• _WHAT NEEDS TO BE DONE_: Look for the word "blocks". Copy every line of the listing where it occurs.

==*==

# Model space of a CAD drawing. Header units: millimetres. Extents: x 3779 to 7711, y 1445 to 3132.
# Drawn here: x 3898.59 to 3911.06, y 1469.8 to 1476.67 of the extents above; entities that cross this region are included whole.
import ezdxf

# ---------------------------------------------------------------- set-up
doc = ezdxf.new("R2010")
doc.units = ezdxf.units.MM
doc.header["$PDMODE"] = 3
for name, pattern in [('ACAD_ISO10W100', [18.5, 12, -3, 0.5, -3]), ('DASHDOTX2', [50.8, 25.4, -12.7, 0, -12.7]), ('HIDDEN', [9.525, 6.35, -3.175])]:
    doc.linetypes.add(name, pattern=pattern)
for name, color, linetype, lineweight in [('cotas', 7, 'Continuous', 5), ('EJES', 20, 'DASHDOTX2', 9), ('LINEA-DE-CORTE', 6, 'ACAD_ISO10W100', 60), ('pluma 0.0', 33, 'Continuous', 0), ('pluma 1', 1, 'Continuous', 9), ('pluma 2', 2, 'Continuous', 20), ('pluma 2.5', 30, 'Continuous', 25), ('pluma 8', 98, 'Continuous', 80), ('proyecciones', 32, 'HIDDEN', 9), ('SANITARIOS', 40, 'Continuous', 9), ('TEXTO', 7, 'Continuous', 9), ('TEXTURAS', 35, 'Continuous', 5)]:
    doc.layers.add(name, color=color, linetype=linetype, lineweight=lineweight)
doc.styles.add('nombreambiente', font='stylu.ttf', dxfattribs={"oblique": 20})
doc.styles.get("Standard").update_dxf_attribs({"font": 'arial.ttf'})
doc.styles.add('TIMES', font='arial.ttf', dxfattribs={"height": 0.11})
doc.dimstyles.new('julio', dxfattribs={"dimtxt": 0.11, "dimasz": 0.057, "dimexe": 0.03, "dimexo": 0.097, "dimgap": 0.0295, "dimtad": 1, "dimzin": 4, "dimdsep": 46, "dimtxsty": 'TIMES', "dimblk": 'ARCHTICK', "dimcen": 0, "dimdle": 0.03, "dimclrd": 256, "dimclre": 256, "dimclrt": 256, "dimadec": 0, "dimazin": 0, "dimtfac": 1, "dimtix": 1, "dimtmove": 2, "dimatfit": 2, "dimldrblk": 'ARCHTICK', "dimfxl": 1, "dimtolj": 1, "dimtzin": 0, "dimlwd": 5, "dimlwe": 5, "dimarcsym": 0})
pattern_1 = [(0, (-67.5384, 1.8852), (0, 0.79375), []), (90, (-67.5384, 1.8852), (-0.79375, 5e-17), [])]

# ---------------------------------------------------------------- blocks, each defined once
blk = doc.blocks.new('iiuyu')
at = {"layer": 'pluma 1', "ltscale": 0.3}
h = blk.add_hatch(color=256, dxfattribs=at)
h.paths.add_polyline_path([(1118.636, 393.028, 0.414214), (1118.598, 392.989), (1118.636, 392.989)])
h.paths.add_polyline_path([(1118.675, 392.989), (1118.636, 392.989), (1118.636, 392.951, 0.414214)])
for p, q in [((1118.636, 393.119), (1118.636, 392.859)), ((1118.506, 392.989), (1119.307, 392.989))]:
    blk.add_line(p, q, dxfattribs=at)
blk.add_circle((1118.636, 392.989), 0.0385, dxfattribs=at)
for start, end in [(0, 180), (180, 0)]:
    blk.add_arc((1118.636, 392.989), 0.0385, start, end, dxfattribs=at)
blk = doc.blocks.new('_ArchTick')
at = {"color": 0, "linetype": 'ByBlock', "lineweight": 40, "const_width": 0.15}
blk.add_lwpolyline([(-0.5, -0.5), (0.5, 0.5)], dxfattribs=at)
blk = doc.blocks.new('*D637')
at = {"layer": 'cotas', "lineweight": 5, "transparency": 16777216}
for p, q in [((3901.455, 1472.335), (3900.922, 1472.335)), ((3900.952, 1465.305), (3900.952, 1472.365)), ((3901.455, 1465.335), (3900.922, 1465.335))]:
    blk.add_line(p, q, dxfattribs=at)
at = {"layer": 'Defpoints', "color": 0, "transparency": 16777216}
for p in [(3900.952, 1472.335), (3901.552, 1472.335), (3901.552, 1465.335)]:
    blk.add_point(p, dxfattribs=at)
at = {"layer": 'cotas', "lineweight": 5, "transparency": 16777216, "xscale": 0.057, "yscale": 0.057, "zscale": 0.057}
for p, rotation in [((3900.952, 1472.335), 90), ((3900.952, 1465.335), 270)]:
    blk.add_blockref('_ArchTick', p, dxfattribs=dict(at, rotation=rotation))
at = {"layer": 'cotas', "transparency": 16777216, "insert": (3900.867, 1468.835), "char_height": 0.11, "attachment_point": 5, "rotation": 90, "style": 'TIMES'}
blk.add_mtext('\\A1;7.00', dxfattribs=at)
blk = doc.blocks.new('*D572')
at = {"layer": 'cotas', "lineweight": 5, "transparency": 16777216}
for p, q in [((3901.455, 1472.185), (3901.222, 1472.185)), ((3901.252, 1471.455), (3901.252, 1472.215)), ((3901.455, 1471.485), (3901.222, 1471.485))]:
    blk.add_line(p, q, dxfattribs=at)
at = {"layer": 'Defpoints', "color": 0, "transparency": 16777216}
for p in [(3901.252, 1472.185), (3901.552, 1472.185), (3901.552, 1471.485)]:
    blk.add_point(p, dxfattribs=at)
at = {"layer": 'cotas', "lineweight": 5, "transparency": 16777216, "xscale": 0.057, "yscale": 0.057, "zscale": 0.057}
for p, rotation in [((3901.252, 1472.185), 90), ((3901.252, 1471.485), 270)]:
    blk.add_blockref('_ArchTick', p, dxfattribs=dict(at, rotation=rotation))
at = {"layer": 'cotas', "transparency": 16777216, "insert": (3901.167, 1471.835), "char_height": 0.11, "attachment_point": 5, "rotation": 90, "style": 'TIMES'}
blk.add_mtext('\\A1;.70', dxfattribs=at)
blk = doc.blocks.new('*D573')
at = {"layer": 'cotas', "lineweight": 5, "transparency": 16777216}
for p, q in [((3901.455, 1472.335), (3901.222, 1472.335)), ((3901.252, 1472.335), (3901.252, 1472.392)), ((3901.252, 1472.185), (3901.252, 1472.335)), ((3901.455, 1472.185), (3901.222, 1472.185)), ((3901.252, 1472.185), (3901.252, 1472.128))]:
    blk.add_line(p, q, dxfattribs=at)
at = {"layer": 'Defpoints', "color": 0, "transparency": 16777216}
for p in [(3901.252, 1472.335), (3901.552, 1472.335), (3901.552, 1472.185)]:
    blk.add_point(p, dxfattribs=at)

==*==

• _EXERCISE OUTPUT_:
# ---------------------------------------------------------------- blocks, each defined once
blk = doc.blocks.new('iiuyu')
blk = doc.blocks.new('_ArchTick')
blk = doc.blocks.new('*D637')
blk = doc.blocks.new('*D572')
blk = doc.blocks.new('*D573')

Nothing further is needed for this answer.